L'identité composite de Farida et Ali Aarrass

Le Chœur d’Ali Aarrass / Julie Jaroszewski / Interview partie I

© Alice Piemme

TN : Aujourd’hui, n’étant plus dans la première urgence médiatique, avec trois années de recul et dans ce temps de récit plutôt long qu’offre le théâtre, vous déployez une épopée sur plusieurs continents et générations.

Avant cette venue au théâtre, comme membre du Comité Free Ali Aarrass, j’ai eu ma part de frustration à devoir, dans des contextes d’urgence et de grèves de la faim, me plier aux formats très courts des communiqués de presse, à constater l’abstraction faite, après publication, d’éléments majeurs comme le fait qu’il y a eu un non-lieu en Espagne, prononcé par le juge Baltasar Garzón, celui-là même qui avait délivré un mandat d’arrêt contre Pinochet.

Le théâtre permet de refaire le tri et de se réapproprier les éléments du récit en les contextualisant. Le destin d’Ali et de Farida Aarrass est profondément lié à celui de leur ville natale Mélilla. Et pour comprendre Mélilla, il est nécessaire de remonter jusque en 1492. Mélilla est devenue espagnole à la suite de la prise de Grenade par les Rois Catholiques.
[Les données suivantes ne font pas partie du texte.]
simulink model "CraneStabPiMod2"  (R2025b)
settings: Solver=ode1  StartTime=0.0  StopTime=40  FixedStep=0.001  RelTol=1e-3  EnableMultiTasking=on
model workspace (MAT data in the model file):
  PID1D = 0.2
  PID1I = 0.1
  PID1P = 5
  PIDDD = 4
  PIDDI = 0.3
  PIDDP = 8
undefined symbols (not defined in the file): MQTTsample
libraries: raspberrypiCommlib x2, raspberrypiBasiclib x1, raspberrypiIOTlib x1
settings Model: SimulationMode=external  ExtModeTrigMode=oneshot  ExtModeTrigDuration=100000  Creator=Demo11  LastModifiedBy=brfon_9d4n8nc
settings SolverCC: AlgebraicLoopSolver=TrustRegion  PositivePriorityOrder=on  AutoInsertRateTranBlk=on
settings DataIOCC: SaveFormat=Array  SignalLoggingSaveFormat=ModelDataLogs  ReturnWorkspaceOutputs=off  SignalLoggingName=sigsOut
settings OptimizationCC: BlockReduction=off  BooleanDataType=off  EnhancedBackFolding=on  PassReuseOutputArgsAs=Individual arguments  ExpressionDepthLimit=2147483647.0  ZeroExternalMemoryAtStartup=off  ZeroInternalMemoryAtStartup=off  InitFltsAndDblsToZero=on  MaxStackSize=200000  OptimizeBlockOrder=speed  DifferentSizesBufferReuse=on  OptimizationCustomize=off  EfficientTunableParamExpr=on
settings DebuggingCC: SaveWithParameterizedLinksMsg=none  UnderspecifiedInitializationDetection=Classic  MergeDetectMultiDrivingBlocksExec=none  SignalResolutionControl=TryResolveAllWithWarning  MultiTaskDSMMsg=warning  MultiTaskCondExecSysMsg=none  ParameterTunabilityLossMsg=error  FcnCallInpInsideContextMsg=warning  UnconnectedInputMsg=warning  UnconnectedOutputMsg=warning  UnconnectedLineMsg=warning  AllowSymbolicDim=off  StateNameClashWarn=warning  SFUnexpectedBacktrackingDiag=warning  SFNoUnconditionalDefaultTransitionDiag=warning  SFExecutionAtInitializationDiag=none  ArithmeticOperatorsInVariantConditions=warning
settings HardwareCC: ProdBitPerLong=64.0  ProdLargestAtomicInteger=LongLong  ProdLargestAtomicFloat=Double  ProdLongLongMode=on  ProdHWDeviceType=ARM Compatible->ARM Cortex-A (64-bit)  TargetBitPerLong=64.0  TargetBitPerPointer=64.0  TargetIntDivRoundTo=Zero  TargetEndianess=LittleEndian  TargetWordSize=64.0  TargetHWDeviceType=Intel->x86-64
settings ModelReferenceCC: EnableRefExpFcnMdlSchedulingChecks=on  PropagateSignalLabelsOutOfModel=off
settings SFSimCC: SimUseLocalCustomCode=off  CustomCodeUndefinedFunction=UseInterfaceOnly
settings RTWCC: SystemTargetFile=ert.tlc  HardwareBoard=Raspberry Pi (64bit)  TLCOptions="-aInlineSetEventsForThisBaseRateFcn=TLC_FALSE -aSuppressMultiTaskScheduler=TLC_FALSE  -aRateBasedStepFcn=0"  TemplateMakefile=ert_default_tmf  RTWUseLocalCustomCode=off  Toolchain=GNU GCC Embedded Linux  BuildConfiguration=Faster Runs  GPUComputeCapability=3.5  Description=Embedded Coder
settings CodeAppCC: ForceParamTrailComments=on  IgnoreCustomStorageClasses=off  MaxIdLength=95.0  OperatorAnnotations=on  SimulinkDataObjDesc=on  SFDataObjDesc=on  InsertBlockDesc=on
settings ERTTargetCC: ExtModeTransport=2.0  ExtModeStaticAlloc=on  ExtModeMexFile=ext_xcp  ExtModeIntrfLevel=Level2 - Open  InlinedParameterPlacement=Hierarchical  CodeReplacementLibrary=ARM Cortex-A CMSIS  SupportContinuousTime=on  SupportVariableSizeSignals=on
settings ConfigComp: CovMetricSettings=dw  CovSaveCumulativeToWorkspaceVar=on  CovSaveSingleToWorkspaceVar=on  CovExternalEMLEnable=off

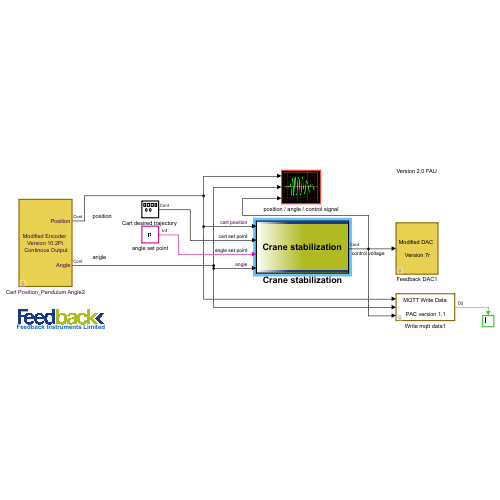
[thumbnail: Simulink's stored preview of the top-level diagram]
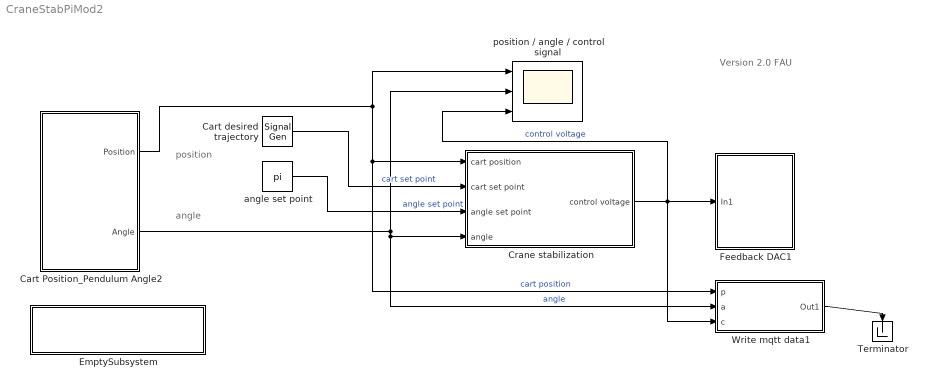
== system CraneStabPiMod2 ==
  note: position
  note: angle
  note: Version 2.0 FAU
  Cart Position_Pendulum Angle2 : Subsystem  mask(Feedback Encoder Block){st=0.001, of1=0, of2=-1024}
      mask prompts: st "Sample Time"; of1 "Channel 1 Offset"; of2 "Channel 2 Offset"
      mask help: Special block to use with the Feedback experiments to read encoder channels using the digital I/O lines
      mask Display:
      | %image(imread('bckg.bmp'))
      | disp('Modified Encoder \nVersion 10.2Pi\n Continous Output')
      | port_label('output', 1, 'Position')
      | port_label('output', 2, 'Angle')
  "Cart desired trajectory " : SignalGenerator  Amplitude=0.3  Frequency=0.1
  Crane stabilization : Subsystem
      mask Display:
      | image(imread('bckg.bmp'))
      | disp('Crane stabilization')
  EmptySubsystem : Subsystem
      mask Display:
      | image(imread('FB-inst-blue2.jpg'))
      | disp('\n\nFeedback Instruments Limited')
  Feedback DAC1 : Subsystem  mask(DAC Unit for Feedback Experiments){st=0.001, ch=1}
      mask prompts: st "Sample Time"; ch "Output Channel"
      mask help:
      | Digital to Analog Output  for Feedback Experiments
      | using Advantech PCI1711  I/O board
      mask Display:
      | %image(imread('bckg.bmp'))
      | disp('Modified DAC \n\n Version 7r')
  Terminator : Terminator
  Write mqtt data1 : Subsystem
      mask Display: disp('MQTT Write Data\n\n PAC version 1.1')
  angle set point : Constant  Value=pi
  position / angle / control signal : Scope  NumInputPorts=3
      settings: SampleTime=0.001  ActiveDisplayYMinimum=-0.55  ActiveDisplayYMaximum=0.35  DataLoggingMaxPoints=100000
      mask Display: image(imread('scope.jpg'))
  wires:
  Crane stabilization/1(control voltage) -> Write mqtt data1/3(c), Feedback DAC1/1(In1), position / angle / control signal/3  "control voltage"
  angle set point/1 -> Crane stabilization/3(angle set point)  "angle set point"
  Cart Position_Pendulum Angle2/2(Angle) -> Write mqtt data1/2(a), Crane stabilization/4(angle), position / angle / control signal/2  "angle"
  Cart Position_Pendulum Angle2/1(Position) -> Write mqtt data1/1(p), Crane stabilization/1(cart position), position / angle / control signal/1  "cart position"
  "Cart desired trajectory "/1 -> Crane stabilization/2(cart set point)  "cart set point"
  Write mqtt data1/1(Out1) -> Terminator/1

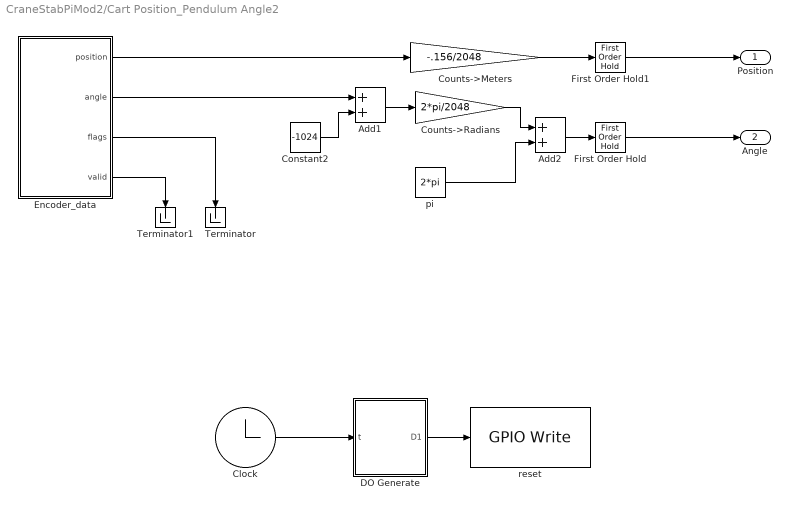
== system CraneStabPiMod2/Cart Position_Pendulum Angle2 ==
  Add1 : Sum
  Add2 : Sum
  Clock : Clock
  Constant2 : Constant  Value=-1024
  Counts->Meters : Gain  Gain=-.156/2048  SaturateOnIntegerOverflow=on  OutDataTypeStr=Inherit: Same as input  ParamDataTypeStr=Inherit: Same as input
  Counts->Radians : Gain  Gain=2*pi/2048  SaturateOnIntegerOverflow=on  OutDataTypeStr=Inherit: Same as input  ParamDataTypeStr=Inherit: Same as input
  DO Generate : MATLAB Function  TreatAsAtomicUnit=on
  Encoder_data : Subsystem
  First Order Hold : FirstOrderHold  OutputAlgorithm=Fast (Minimize Error)  ErrorTolerance=inf
  First Order Hold1 : FirstOrderHold  OutputAlgorithm=Fast (Minimize Error)  ErrorTolerance=inf
  Terminator : Terminator
  Terminator1 : Terminator
  pi : Constant  Value=2*pi
  reset : raspberrypiBasiclib/GPIO Write  BoardProperty=Pi 5 Model  gpio=6  blockPlatform=Raspberry Pi  PinNumber=17  board=[]  direction=[]
  Position : Outport
  Angle : Outport  Port=2
  wires:
  pi/1 -> Add2/2
  Counts->Radians/1 -> Add2/1
  Counts->Meters/1 -> First Order Hold1/1
  Clock/1 -> DO Generate/1(t)
  DO Generate/1(D1) -> reset/1
  Encoder_data/2(angle) -> Add1/1
  Encoder_data/1(position) -> Counts->Meters/1
  Add1/1 -> Counts->Radians/1
  Constant2/1 -> Add1/2
  Encoder_data/4(valid) -> Terminator1/1
  Encoder_data/3(flags) -> Terminator/1
  Add2/1 -> First Order Hold/1
  First Order Hold/1 -> Angle/1
  First Order Hold1/1 -> Position/1

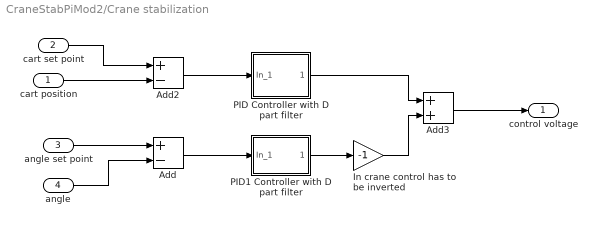
== system CraneStabPiMod2/Crane stabilization ==
  cart position : Inport
  cart set point : Inport  Port=2
  angle set point : Inport  Port=3
  angle : Inport  Port=4
  Add : Sum  Inputs=+-
  Add2 : Sum  Inputs=+-
  Add3 : Sum
  In crane control has to be inverted : Gain  Gain=-1
  PID Controller with D part filter : Subsystem  AncestorBlock=simulink_extras/Additional Linear/PID Controller  mask(PID Controller){P=PIDDP, I=PIDDI, D=PIDDD}
      mask prompts: P "Proportional:"; I "Integral:"; D "Derivative:"
      mask help:
      | Enter expressions for proportional, integral, and derivative terms.
      | P+I/s+Ds
      mask Help: This block implements a PID controller where parameters are entered for the Proportional, Integral and Derivative terms. Unmask this block to see how it works. The derivative term is implemented using a true derivative block.
      mask Callback P:
      | if str2num(get_param(gcb, 'P'))>12
      |  WARNDLG('Proportional Gain is out of the range [4..12] and is set to maximum value now', 'Setting Value Error')
      |  set_param(gcb,'P','12');
      | end
      | if str2num(get_param(gcb, 'P'))<4
      |  WARNDLG('Proportional Gain is out of the range [4..12] and is set to minimum now', 'Setting Value Error')
      |  set_param(gcb,'P','4');
      | end
      mask Callback I:
      | if str2num(get_param(gcb, 'I'))>0.5
      |  WARNDLG('Integral Gain is out of the range [0.1 .. 0.5] and is set to maximum value now', 'Setting Value Error')
      |  set_param(gcb,'I','0.5');
      | end
      | if str2num(get_param(gcb, 'I'))<0.1
      |  WARNDLG('Integral Gain is out of the range [0.1 .. 0.5] and is set to minimum now', 'Setting Value Error')
      |  set_param(gcb,'I','0.1');
      | end
      mask Callback D:
      | if str2num(get_param(gcb, 'D'))>6
      |  WARNDLG('Derivative Gain is out of the range [2..6] and is set to maximum value now', 'Setting Value Error')
      |  set_param(gcb,'D','6');
      | end
      | if str2num(get_param(gcb, 'D'))<2
      |  WARNDLG('Derivative Gain is out of the range [2..6] and is set to minimum now', 'Setting Value Error')
      |  set_param(gcb,'D','2');
      | end
      mask Display:
      | image(imread('bckg.bmp'))
      | disp('PID')
  PID1 Controller with D part filter : Subsystem  AncestorBlock=simulink_extras/Additional Linear/PID Controller  mask(PID Controller){P=PID1P, I=PID1I, D=PID1D}
      mask prompts: P "Proportional:"; I "Integral:"; D "Derivative:"
      mask help:
      | Enter expressions for proportional, integral, and derivative terms.
      | P+I/s+Ds
      mask Help: This block implements a PID controller where parameters are entered for the Proportional, Integral and Derivative terms. Unmask this block to see how it works. The derivative term is implemented using a true derivative block.
      mask Callback P:
      | if str2num(get_param(gcb, 'P'))>8
      |  WARNDLG('Proportional Gain is out of the range [2..8] and is set to maximum value now', 'Setting Value Error')
      |  set_param(gcb,'P','8');
      | end
      | if str2num(get_param(gcb, 'P'))<2
      |  WARNDLG('Proportional Gain is out of the range [2..8] and is set to minimum now', 'Setting Value Error')
      |  set_param(gcb,'P','2');
      | end
      mask Callback I:
      | if str2num(get_param(gcb, 'I'))>0.15
      |  WARNDLG('Integral Gain is out of the range [0.05 .. 0.15] and is set to maximum value now', 'Setting Value Error')
      |  set_param(gcb,'I','0.15');
      | end
      | if str2num(get_param(gcb, 'I'))<0.05
      |  WARNDLG('Integral Gain is out of the range [0.05 .. 0.15] and is set to minimum now', 'Setting Value Error')
      |  set_param(gcb,'I','0.05');
      | end
      mask Callback D:
      | if str2num(get_param(gcb, 'D'))>0.3
      |  WARNDLG('Derivative Gain is out of the range [0.1 .. 0.3] and is set to maximum value now', 'Setting Value Error')
      |  set_param(gcb,'D','0.3');
      | end
      | if str2num(get_param(gcb, 'D'))<0.1
      |  WARNDLG('Derivative Gain is out of the range [0.1 .. 0.3] and is set to minimum now', 'Setting Value Error')
      |  set_param(gcb,'D','0.1');
      | end
      mask Display:
      | image(imread('bckg.bmp'))
      | disp('PID')
  control voltage : Outport
  wires:
  angle/1 -> Add/2
  angle set point/1 -> Add/1
  cart set point/1 -> Add2/1
  cart position/1 -> Add2/2
  Add3/1 -> control voltage/1
  PID Controller with D part filter/1(Out_1) -> Add3/1
  Add2/1 -> PID Controller with D part filter/1(In_1)
  Add/1 -> PID1 Controller with D part filter/1(In_1)
  In crane control has to be inverted/1 -> Add3/2
  PID1 Controller with D part filter/1(Out_1) -> In crane control has to be inverted/1

== system CraneStabPiMod2/EmptySubsystem ==

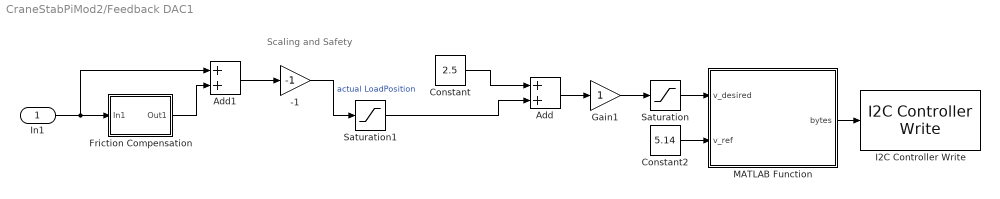
== system CraneStabPiMod2/Feedback DAC1 ==
  note: Scaling and Safety
  In1 : Inport
  -1 : Gain  Gain=-1  SaturateOnIntegerOverflow=on  OutDataTypeStr=Inherit: Same as input  ParamDataTypeStr=Inherit: Same as input
  Add : Sum  OutDataTypeStr=Inherit: Same as first input
  Add1 : Sum
  Constant : Constant  Value=2.5
  Constant2 : Constant  Value=5.14  SampleTime=-1
  Friction Compensation : Subsystem  mask(linear){frictionCompNeg=.1, frictionCompPos=.1}
      mask prompts: frictionCompNeg "Friction Compensation Magnitude in Negative Direction"; frictionCompPos "Friction Compensation Magnitude in Positive Direction"
      mask Display: plot(0,0,100,100,[40,30,20],[87,85,80],[46,54,54,46,46],[90,90,80,80,90],[46,45,45,46,54,55,55,54,46],[78,80,90,91,91,90,80,78,78],[51,51,49,49],[78,10,10,78],[90,80,70,60],[70,80,85,88],[20,10],[80,70],[20,20,15],[73,80,80],[85,80,80],[80,80,74])
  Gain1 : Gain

Située dans le Rif, le Nord de l’actuel Maroc, la population indigène n’y obtiendra la nationalité espagnole que cinq siècles plus tard en 1986 à la suite d’une lutte pour les droits civiques, dont le père d’Ali et de Farida fût un des leaders. Mais à ce moment-là, Ali et Farida sont déjà partis en Belgique et pour pouvoir le faire, ils ont été inscrits par leurs parents au Maroc.

Sans cette info, on ne peut pas comprendre comment un homme né en Espagne, belge et qui n’a jamais vécu au Maroc y est incarcéré depuis 11 ans. Son histoire est consécutive à l’histoire de la colonisation et à son statut d’indigène.

TN : Dans l’écriture du spectacle vous posez les Andalousies comme Âge d’or révolu et point de référence. 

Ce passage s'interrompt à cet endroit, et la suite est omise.